"""
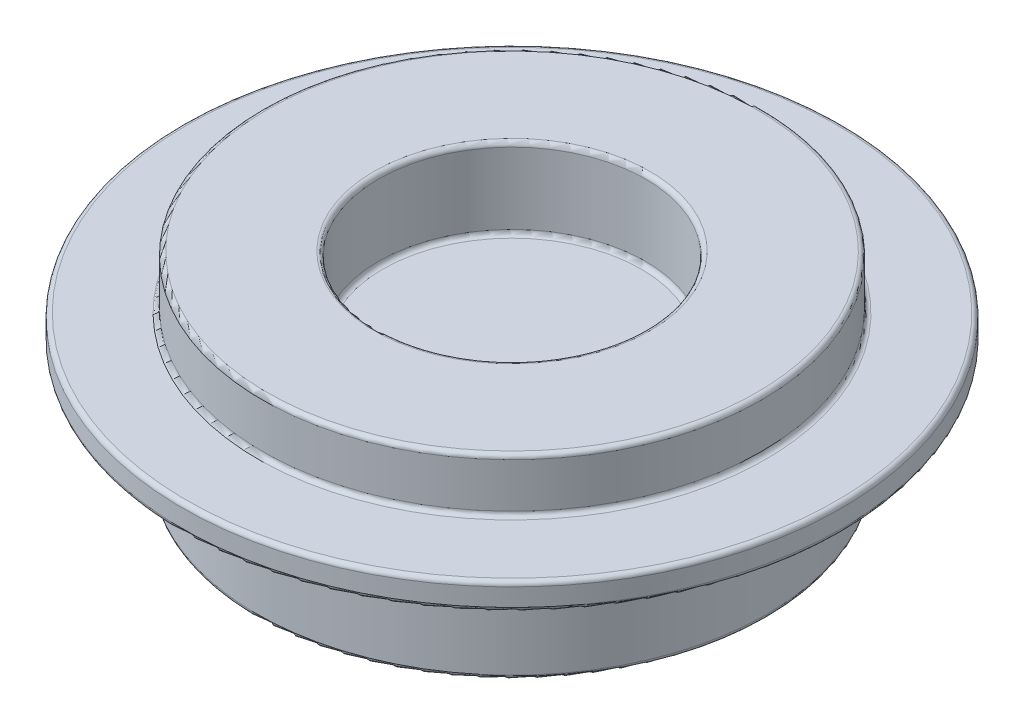
ISO-10303-21;
HEADER;
FILE_DESCRIPTION(('STEP AP214'),'2;1');
FILE_NAME('part.step','',(''),(''),'','','');
FILE_SCHEMA(('AUTOMOTIVE_DESIGN { 1 0 10303 214 1 1 1 1 }'));
ENDSEC;
DATA;
#1=APPLICATION_CONTEXT('core data for automotive mechanical design processes');
#2=APPLICATION_PROTOCOL_DEFINITION('international standard','automotive_design',2000,#1);
#3=PRODUCT_CONTEXT('',#1,'mechanical');
#4=PRODUCT('Part','Part','',(#3));
#5=PRODUCT_RELATED_PRODUCT_CATEGORY('part','',(#4));
#6=PRODUCT_DEFINITION_FORMATION('','',#4);
#7=PRODUCT_DEFINITION_CONTEXT('part definition',#1,'design');
#8=PRODUCT_DEFINITION('design','',#6,#7);
#9=PRODUCT_DEFINITION_SHAPE('','',#8);
#10=(LENGTH_UNIT() NAMED_UNIT(*) SI_UNIT(.MILLI.,.METRE.));
#11=(NAMED_UNIT(*) PLANE_ANGLE_UNIT() SI_UNIT($,.RADIAN.));
#12=(NAMED_UNIT(*) SI_UNIT($,.STERADIAN.) SOLID_ANGLE_UNIT());
#13=UNCERTAINTY_MEASURE_WITH_UNIT(LENGTH_MEASURE(1.E-05),#10,'distance_accuracy_value','');
#14=(GEOMETRIC_REPRESENTATION_CONTEXT(3) GLOBAL_UNCERTAINTY_ASSIGNED_CONTEXT((#13)) GLOBAL_UNIT_ASSIGNED_CONTEXT((#10,
#11,#12)) REPRESENTATION_CONTEXT('',''));
#15=CARTESIAN_POINT('',(0.,0.,0.));
#16=DIRECTION('',(0.,0.,1.));
#17=DIRECTION('',(1.,0.,0.));
#18=AXIS2_PLACEMENT_3D('',#15,#16,#17);
#19=CARTESIAN_POINT('',(-14.3125,0.,0.));
#20=DIRECTION('',(0.,-1.,0.));
#21=DIRECTION('',(1.,0.,0.));
#22=AXIS2_PLACEMENT_3D('',#19,#20,#21);
#23=PLANE('',#22);
#24=CARTESIAN_POINT('',(0.,0.,0.));
#25=DIRECTION('',(0.,-1.,0.));
#26=DIRECTION('',(1.,0.,0.));
#27=AXIS2_PLACEMENT_3D('',#24,#25,#26);
#28=CIRCLE('',#27,14.0625);
#29=CARTESIAN_POINT('',(14.0625,0.,0.));
#30=VERTEX_POINT('',#29);
#31=EDGE_CURVE('E10',#30,#30,#28,.T.);
#32=ORIENTED_EDGE('',*,*,#31,.T.);
#33=EDGE_LOOP('',(#32));
#34=FACE_BOUND('',#33,.T.);
#35=ADVANCED_FACE('F40',(#34),#23,.T.);
#36=CARTESIAN_POINT('',(0.,6.25,0.));
#37=DIRECTION('',(0.,1.,0.));
#38=DIRECTION('',(-1.,0.,0.));
#39=AXIS2_PLACEMENT_3D('',#36,#37,#38);
#40=PLANE('',#39);
#41=CARTESIAN_POINT('',(0.,6.25,0.));
#42=DIRECTION('',(0.,1.,0.));
#43=DIRECTION('',(-1.,0.,0.));
#44=AXIS2_PLACEMENT_3D('',#41,#42,#43);
#45=CIRCLE('',#44,7.25);
#46=CARTESIAN_POINT('',(-7.25,6.25,0.));
#47=VERTEX_POINT('',#46);
#48=EDGE_CURVE('E84',#47,#47,#45,.T.);
#49=ORIENTED_EDGE('',*,*,#48,.T.);
#50=EDGE_LOOP('',(#49));
#51=FACE_BOUND('',#50,.T.);
#52=ADVANCED_FACE('F137',(#51),#40,.T.);
#53=CARTESIAN_POINT('',(0.,17.96875,0.));
#54=DIRECTION('',(0.,1.,0.));
#55=DIRECTION('',(-1.,0.,0.));
#56=AXIS2_PLACEMENT_3D('',#53,#54,#55);
#57=CYLINDRICAL_SURFACE('',#56,7.5);
#58=CARTESIAN_POINT('',(0.,6.5,0.));
#59=DIRECTION('',(0.,1.,0.));
#60=DIRECTION('',(-1.,0.,0.));
#61=AXIS2_PLACEMENT_3D('',#58,#59,#60);
#62=CIRCLE('',#61,7.5);
#63=CARTESIAN_POINT('',(-7.5,6.5,0.));
#64=VERTEX_POINT('',#63);
#65=EDGE_CURVE('E76',#64,#64,#62,.F.);
#66=ORIENTED_EDGE('',*,*,#65,.T.);
#67=EDGE_LOOP('',(#66));
#68=FACE_BOUND('',#67,.T.);
#69=CARTESIAN_POINT('',(0.,10.5,0.));
#70=DIRECTION('',(0.,1.,0.));
#71=DIRECTION('',(-1.,0.,0.));
#72=AXIS2_PLACEMENT_3D('',#69,#70,#71);
#73=CIRCLE('',#72,7.5);
#74=CARTESIAN_POINT('',(-7.5,10.5,0.));
#75=VERTEX_POINT('',#74);
#76=EDGE_CURVE('E80',#75,#75,#73,.T.);
#77=ORIENTED_EDGE('',*,*,#76,.T.);
#78=EDGE_LOOP('',(#77));
#79=FACE_BOUND('',#78,.T.);
#80=ADVANCED_FACE('F133',(#68,#79),#57,.F.);
#81=CARTESIAN_POINT('',(-7.5,10.75,0.));
#82=DIRECTION('',(0.,1.,0.));
#83=DIRECTION('',(-1.,0.,0.));
#84=AXIS2_PLACEMENT_3D('',#81,#82,#83);
#85=PLANE('',#84);
#86=CARTESIAN_POINT('',(0.,10.75,0.));
#87=DIRECTION('',(0.,1.,0.));
#88=DIRECTION('',(-1.,0.,0.));
#89=AXIS2_PLACEMENT_3D('',#86,#87,#88);
#90=CIRCLE('',#89,7.75);
#91=CARTESIAN_POINT('',(-7.75,10.75,0.));
#92=VERTEX_POINT('',#91);
#93=EDGE_CURVE('E68',#92,#92,#90,.F.);
#94=ORIENTED_EDGE('',*,*,#93,.T.);
#95=EDGE_LOOP('',(#94));
#96=FACE_BOUND('',#95,.T.);
#97=CARTESIAN_POINT('',(0.,10.75,0.));
#98=DIRECTION('',(0.,1.,0.));
#99=DIRECTION('',(-1.,0.,0.));
#100=AXIS2_PLACEMENT_3D('',#97,#98,#99);
#101=CIRCLE('',#100,13.75);
#102=CARTESIAN_POINT('',(-13.75,10.75,0.));
#103=VERTEX_POINT('',#102);
#104=EDGE_CURVE('E72',#103,#103,#101,.T.);
#105=ORIENTED_EDGE('',*,*,#104,.T.);
#106=EDGE_LOOP('',(#105));
#107=FACE_BOUND('',#106,.T.);
#108=ADVANCED_FACE('F123',(#96,#107),#85,.T.);
#109=CARTESIAN_POINT('',(0.,17.96875,0.));
#110=DIRECTION('',(0.,1.,0.));
#111=DIRECTION('',(-1.,0.,0.));
#112=AXIS2_PLACEMENT_3D('',#109,#110,#111);
#113=CYLINDRICAL_SURFACE('',#112,14.);
#114=CARTESIAN_POINT('',(0.,10.5,0.));
#115=DIRECTION('',(0.,1.,0.));
#116=DIRECTION('',(-1.,0.,0.));
#117=AXIS2_PLACEMENT_3D('',#114,#115,#116);
#118=CIRCLE('',#117,14.);
#119=CARTESIAN_POINT('',(-14.,10.5,0.));
#120=VERTEX_POINT('',#119);
#121=EDGE_CURVE('E58',#120,#120,#118,.F.);
#122=ORIENTED_EDGE('',*,*,#121,.T.);
#123=EDGE_LOOP('',(#122));
#124=FACE_BOUND('',#123,.T.);
#125=CARTESIAN_POINT('',(0.,8.00000000000001,0.));
#126=DIRECTION('',(0.,1.,0.));
#127=DIRECTION('',(-1.,0.,0.));
#128=AXIS2_PLACEMENT_3D('',#125,#126,#127);
#129=CIRCLE('',#128,14.);
#130=CARTESIAN_POINT('',(-14.,8.,0.));
#131=VERTEX_POINT('',#130);
#132=EDGE_CURVE('E64',#131,#131,#129,.T.);
#133=ORIENTED_EDGE('',*,*,#132,.T.);
#134=EDGE_LOOP('',(#133));
#135=FACE_BOUND('',#134,.T.);
#136=ADVANCED_FACE('F121',(#124,#135),#113,.T.);
#137=CARTESIAN_POINT('',(-14.,7.75,0.));
#138=DIRECTION('',(0.,1.,0.));
#139=DIRECTION('',(-1.,0.,0.));
#140=AXIS2_PLACEMENT_3D('',#137,#138,#139);
#141=PLANE('',#140);
#142=CARTESIAN_POINT('',(0.,7.75000000000001,0.));
#143=DIRECTION('',(0.,1.,0.));
#144=DIRECTION('',(-1.,0.,0.));
#145=AXIS2_PLACEMENT_3D('',#142,#143,#144);
#146=CIRCLE('',#145,18.25);
#147=CARTESIAN_POINT('',(-18.25,7.75,0.));
#148=VERTEX_POINT('',#147);
#149=EDGE_CURVE('E104',#148,#148,#146,.T.);
#150=ORIENTED_EDGE('',*,*,#149,.T.);
#151=EDGE_LOOP('',(#150));
#152=FACE_BOUND('',#151,.T.);
#153=CARTESIAN_POINT('',(0.,7.75000000000001,0.));
#154=DIRECTION('',(0.,1.,0.));
#155=DIRECTION('',(-1.,0.,0.));
#156=AXIS2_PLACEMENT_3D('',#153,#154,#155);
#157=CIRCLE('',#156,14.25);
#158=CARTESIAN_POINT('',(-14.25,7.75,0.));
#159=VERTEX_POINT('',#158);
#160=EDGE_CURVE('E108',#159,#159,#157,.F.);
#161=ORIENTED_EDGE('',*,*,#160,.T.);
#162=EDGE_LOOP('',(#161));
#163=FACE_BOUND('',#162,.T.);
#164=ADVANCED_FACE('F113',(#152,#163),#141,.T.);
#165=CARTESIAN_POINT('',(0.,17.96875,0.));
#166=DIRECTION('',(0.,1.,0.));
#167=DIRECTION('',(-1.,0.,0.));
#168=AXIS2_PLACEMENT_3D('',#165,#166,#167);
#169=CYLINDRICAL_SURFACE('',#168,18.5);
#170=CARTESIAN_POINT('',(0.,7.50000000000001,0.));
#171=DIRECTION('',(0.,1.,0.));
#172=DIRECTION('',(-1.,0.,0.));
#173=AXIS2_PLACEMENT_3D('',#170,#171,#172);
#174=CIRCLE('',#173,18.5);
#175=CARTESIAN_POINT('',(-18.5,7.5,0.));
#176=VERTEX_POINT('',#175);
#177=EDGE_CURVE('E96',#176,#176,#174,.F.);
#178=ORIENTED_EDGE('',*,*,#177,.T.);
#179=EDGE_LOOP('',(#178));
#180=FACE_BOUND('',#179,.T.);
#181=CARTESIAN_POINT('',(0.,6.5,0.));
#182=DIRECTION('',(0.,-1.,0.));
#183=DIRECTION('',(1.,0.,0.));
#184=AXIS2_PLACEMENT_3D('',#181,#182,#183);
#185=CIRCLE('',#184,18.5);
#186=CARTESIAN_POINT('',(18.5,6.50000000000001,0.));
#187=VERTEX_POINT('',#186);
#188=EDGE_CURVE('E100',#187,#187,#185,.F.);
#189=ORIENTED_EDGE('',*,*,#188,.T.);
#190=EDGE_LOOP('',(#189));
#191=FACE_BOUND('',#190,.T.);
#192=ADVANCED_FACE('F130',(#180,#191),#169,.T.);
#193=CARTESIAN_POINT('',(-18.5,6.25,0.));
#194=DIRECTION('',(0.,-1.,0.));
#195=DIRECTION('',(1.,0.,0.));
#196=AXIS2_PLACEMENT_3D('',#193,#194,#195);
#197=PLANE('',#196);
#198=CARTESIAN_POINT('',(0.,6.25000000000001,0.));
#199=DIRECTION('',(0.,-1.,0.));
#200=DIRECTION('',(1.,0.,0.));
#201=AXIS2_PLACEMENT_3D('',#198,#199,#200);
#202=CIRCLE('',#201,18.25);
#203=CARTESIAN_POINT('',(18.25,6.25000000000001,0.));
#204=VERTEX_POINT('',#203);
#205=EDGE_CURVE('E88',#204,#204,#202,.T.);
#206=ORIENTED_EDGE('',*,*,#205,.T.);
#207=EDGE_LOOP('',(#206));
#208=FACE_BOUND('',#207,.T.);
#209=CARTESIAN_POINT('',(0.,6.25000000000001,0.));
#210=DIRECTION('',(0.,-1.,0.));
#211=DIRECTION('',(1.,0.,0.));
#212=AXIS2_PLACEMENT_3D('',#209,#210,#211);
#213=CIRCLE('',#212,14.5625);
#214=CARTESIAN_POINT('',(14.5625,6.25000000000001,0.));
#215=VERTEX_POINT('',#214);
#216=EDGE_CURVE('E92',#215,#215,#213,.F.);
#217=ORIENTED_EDGE('',*,*,#216,.T.);
#218=EDGE_LOOP('',(#217));
#219=FACE_BOUND('',#218,.T.);
#220=ADVANCED_FACE('F174',(#208,#219),#197,.T.);
#221=CARTESIAN_POINT('',(0.,17.96875,0.));
#222=DIRECTION('',(0.,1.,0.));
#223=DIRECTION('',(-1.,0.,0.));
#224=AXIS2_PLACEMENT_3D('',#221,#222,#223);
#225=CYLINDRICAL_SURFACE('',#224,14.3125);
#226=CARTESIAN_POINT('',(0.,6.,0.));
#227=DIRECTION('',(0.,-1.,0.));
#228=DIRECTION('',(1.,0.,0.));
#229=AXIS2_PLACEMENT_3D('',#226,#227,#228);
#230=CIRCLE('',#229,14.3125);
#231=CARTESIAN_POINT('',(14.3125,6.00000000000001,0.));
#232=VERTEX_POINT('',#231);
#233=EDGE_CURVE('E48',#232,#232,#230,.T.);
#234=ORIENTED_EDGE('',*,*,#233,.T.);
#235=EDGE_LOOP('',(#234));
#236=FACE_BOUND('',#235,.T.);
#237=CARTESIAN_POINT('',(0.,0.25,0.));
#238=DIRECTION('',(0.,-1.,0.));
#239=DIRECTION('',(1.,0.,0.));
#240=AXIS2_PLACEMENT_3D('',#237,#238,#239);
#241=CIRCLE('',#240,14.3125);
#242=CARTESIAN_POINT('',(14.3125,0.250000000000005,0.));
#243=VERTEX_POINT('',#242);
#244=EDGE_CURVE('E53',#243,#243,#241,.F.);
#245=ORIENTED_EDGE('',*,*,#244,.T.);
#246=EDGE_LOOP('',(#245));
#247=FACE_BOUND('',#246,.T.);
#248=ADVANCED_FACE('F150',(#236,#247),#225,.T.);
#249=CARTESIAN_POINT('',(0.,7.50000000000001,0.));
#250=DIRECTION('',(0.,1.,0.));
#251=DIRECTION('',(-1.,0.,0.));
#252=AXIS2_PLACEMENT_3D('',#249,#250,#251);
#253=TOROIDAL_SURFACE('',#252,18.25,0.25);
#254=ORIENTED_EDGE('',*,*,#177,.F.);
#255=EDGE_LOOP('',(#254));
#256=FACE_BOUND('',#255,.T.);
#257=ORIENTED_EDGE('',*,*,#149,.F.);
#258=EDGE_LOOP('',(#257));
#259=FACE_BOUND('',#258,.T.);
#260=ADVANCED_FACE('F146',(#256,#259),#253,.T.);
#261=CARTESIAN_POINT('',(0.,6.5,0.));
#262=DIRECTION('',(0.,-1.,0.));
#263=DIRECTION('',(1.,0.,0.));
#264=AXIS2_PLACEMENT_3D('',#261,#262,#263);
#265=TOROIDAL_SURFACE('',#264,18.25,0.25);
#266=ORIENTED_EDGE('',*,*,#205,.F.);
#267=EDGE_LOOP('',(#266));
#268=FACE_BOUND('',#267,.T.);
#269=ORIENTED_EDGE('',*,*,#188,.F.);
#270=EDGE_LOOP('',(#269));
#271=FACE_BOUND('',#270,.T.);
#272=ADVANCED_FACE('F149',(#268,#271),#265,.T.);
#273=CARTESIAN_POINT('',(0.,6.5,0.));
#274=DIRECTION('',(0.,1.,0.));
#275=DIRECTION('',(-1.,0.,0.));
#276=AXIS2_PLACEMENT_3D('',#273,#274,#275);
#277=TOROIDAL_SURFACE('',#276,7.25,0.25);
#278=ORIENTED_EDGE('',*,*,#65,.F.);
#279=EDGE_LOOP('',(#278));
#280=FACE_BOUND('',#279,.T.);
#281=ORIENTED_EDGE('',*,*,#48,.F.);
#282=EDGE_LOOP('',(#281));
#283=FACE_BOUND('',#282,.T.);
#284=ADVANCED_FACE('F154',(#280,#283),#277,.F.);
#285=CARTESIAN_POINT('',(0.,10.5,0.));
#286=DIRECTION('',(0.,1.,0.));
#287=DIRECTION('',(-1.,0.,0.));
#288=AXIS2_PLACEMENT_3D('',#285,#286,#287);
#289=TOROIDAL_SURFACE('',#288,7.75,0.25);
#290=ORIENTED_EDGE('',*,*,#93,.F.);
#291=EDGE_LOOP('',(#290));
#292=FACE_BOUND('',#291,.T.);
#293=ORIENTED_EDGE('',*,*,#76,.F.);
#294=EDGE_LOOP('',(#293));
#295=FACE_BOUND('',#294,.T.);
#296=ADVANCED_FACE('F158',(#292,#295),#289,.T.);
#297=CARTESIAN_POINT('',(0.,10.5,0.));
#298=DIRECTION('',(0.,1.,0.));
#299=DIRECTION('',(-1.,0.,0.));
#300=AXIS2_PLACEMENT_3D('',#297,#298,#299);
#301=TOROIDAL_SURFACE('',#300,13.75,0.25);
#302=ORIENTED_EDGE('',*,*,#121,.F.);
#303=EDGE_LOOP('',(#302));
#304=FACE_BOUND('',#303,.T.);
#305=ORIENTED_EDGE('',*,*,#104,.F.);
#306=EDGE_LOOP('',(#305));
#307=FACE_BOUND('',#306,.T.);
#308=ADVANCED_FACE('F162',(#304,#307),#301,.T.);
#309=CARTESIAN_POINT('',(0.,6.,0.));
#310=DIRECTION('',(0.,-1.,0.));
#311=DIRECTION('',(1.,0.,0.));
#312=AXIS2_PLACEMENT_3D('',#309,#310,#311);
#313=TOROIDAL_SURFACE('',#312,14.5625,0.25);
#314=ORIENTED_EDGE('',*,*,#233,.F.);
#315=EDGE_LOOP('',(#314));
#316=FACE_BOUND('',#315,.T.);
#317=ORIENTED_EDGE('',*,*,#216,.F.);
#318=EDGE_LOOP('',(#317));
#319=FACE_BOUND('',#318,.T.);
#320=ADVANCED_FACE('F118',(#316,#319),#313,.F.);
#321=CARTESIAN_POINT('',(0.,8.00000000000001,0.));
#322=DIRECTION('',(0.,1.,0.));
#323=DIRECTION('',(-1.,0.,0.));
#324=AXIS2_PLACEMENT_3D('',#321,#322,#323);
#325=TOROIDAL_SURFACE('',#324,14.25,0.25);
#326=ORIENTED_EDGE('',*,*,#160,.F.);
#327=EDGE_LOOP('',(#326));
#328=FACE_BOUND('',#327,.T.);
#329=ORIENTED_EDGE('',*,*,#132,.F.);
#330=EDGE_LOOP('',(#329));
#331=FACE_BOUND('',#330,.T.);
#332=ADVANCED_FACE('F115',(#328,#331),#325,.F.);
#333=CARTESIAN_POINT('',(0.,0.25,0.));
#334=DIRECTION('',(0.,-1.,0.));
#335=DIRECTION('',(1.,0.,0.));
#336=AXIS2_PLACEMENT_3D('',#333,#334,#335);
#337=TOROIDAL_SURFACE('',#336,14.0625,0.25);
#338=ORIENTED_EDGE('',*,*,#31,.F.);
#339=EDGE_LOOP('',(#338));
#340=FACE_BOUND('',#339,.T.);
#341=ORIENTED_EDGE('',*,*,#244,.F.);
#342=EDGE_LOOP('',(#341));
#343=FACE_BOUND('',#342,.T.);
#344=ADVANCED_FACE('F42',(#340,#343),#337,.T.);
#345=CLOSED_SHELL('',(#35,#52,#80,#108,#136,#164,#192,#220,#248,#260,#272,#284,#296,#308,#320,
#332,#344));
#346=MANIFOLD_SOLID_BREP('B2',#345);
#347=ADVANCED_BREP_SHAPE_REPRESENTATION('',(#18,#346),#14);
#348=SHAPE_DEFINITION_REPRESENTATION(#9,#347);
ENDSEC;
END-ISO-10303-21;
"""
### EXERCISE GOAL
From the entries above, write out only the lines starting at the line that holds "#291=EDGE_LOOP('',(#290));" and ending at the line that holds "#306=EDGE_LOOP('',(#305));", keeping both and matching them exactly.

### TASK SOLUTION
#291=EDGE_LOOP('',(#290));
#292=FACE_BOUND('',#291,.T.);
#293=ORIENTED_EDGE('',*,*,#76,.F.);
#294=EDGE_LOOP('',(#293));
#295=FACE_BOUND('',#294,.T.);
#296=ADVANCED_FACE('F158',(#292,#295),#289,.T.);
#297=CARTESIAN_POINT('',(0.,10.5,0.));
#298=DIRECTION('',(0.,1.,0.));
#299=DIRECTION('',(-1.,0.,0.));
#300=AXIS2_PLACEMENT_3D('',#297,#298,#299);
#301=TOROIDAL_SURFACE('',#300,13.75,0.25);
#302=ORIENTED_EDGE('',*,*,#121,.F.);
#303=EDGE_LOOP('',(#302));
#304=FACE_BOUND('',#303,.T.);
#305=ORIENTED_EDGE('',*,*,#104,.F.);
#306=EDGE_LOOP('',(#305));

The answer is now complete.